Average home prices rose 0.9% in August from a month earlier, according to the S&P/Case-Shiller Home Price Indices, which looks at prices in 20 major U.S. cities. The price index is now back at the level it hit in the summer and fall of 2003, though it remains roughly 30% below the peak level it reached in 2006.
The recent recovery in housing prices has been strongest in Phoenix, where prices rose 1.8% from July to August, and have surged 18.8% in the last year. Seattle was the only city on the list of 20 that saw a price decline in August, and the drop there was only 0.1%.
August prices in the 20 cities were about 8.5% above the lows they hit early this year, according to a news release from S&P Dow Jones Indices.

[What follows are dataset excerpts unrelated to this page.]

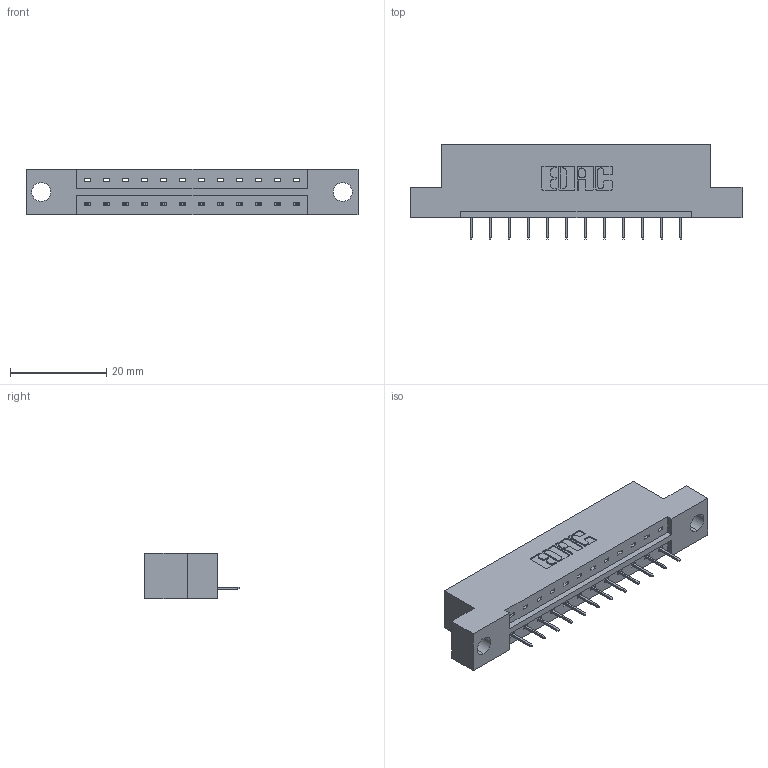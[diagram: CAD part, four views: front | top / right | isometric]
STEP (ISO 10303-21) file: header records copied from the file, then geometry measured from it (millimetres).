
FILE_DESCRIPTION (( 'STEP AP203' ), '1' );
FILE_NAME ('833-012-524-104.STEP', '2020-05-30T21:23:38', ( '' ), ( '' ), 'SwSTEP 2.0', 'SolidWorks 2020', '' );
FILE_SCHEMA (( 'CONFIG_CONTROL_DESIGN' ));
Length unit declared in the file: inch
Products named in the file (3): 345-292-001_345-293-124; 833 Part_Flush - .156 Dia - TH; 833-012-524-104
Assembly tree (13 placements, depth 2):
  833-012-524-104
    833 Part_Flush - .156 Dia - TH
    345-292-001_345-293-124  x12
Bounding box: 69.09 x 19.69 x 9.4 mm (x, y, z)
Volume: 6558.9 mm3; surface area: 6532.7 mm2
Topology: 13 solids, 13 shells, 858 faces, 2471 edges, 1598 vertices
Faces by surface type: plane 646, cylinder 212
Entity records: 11293 total; most frequent: CARTESIAN_POINT 1958, ORIENTED_EDGE 1906, DIRECTION 1713, EDGE_CURVE 953, LINE 829, VECTOR 829, VERTEX_POINT 630, AXIS2_PLACEMENT_3D 442

“The sustained good news in home prices over the past five months makes us optimistic for continued recovery in the housing market,” David Blitzer, chairman of the index committee at S&P Dow Jones Indices, said in the news release.
“News on home prices confirms other good news about housing. Single-family housing starts are 43% ahead of last year’s pace, existing and new home sales are also up, the inventory of homes for sale continues to drop, and consumer mortgage default rates are reaching new lows.”
Meanwhile, rates on home purchase mortgages remained at historically low levels, according to data released Tuesday by the Federal Housing Finance Agency.
The agency, which oversees Fannie Mae and Freddie Mac, said that the contract rate on a composite of conventional fixed-rate and adjustable rate loans was 3.55% in September. That was down a single basis point from 3.56% in August.
A separate rate that is used as index for some adjustable-rate mortgage contracts was unchanged in September, while the average interest rate on conventional 30-year fixed-rate mortgages rose by two basis points, to 3.76%, according to the agency.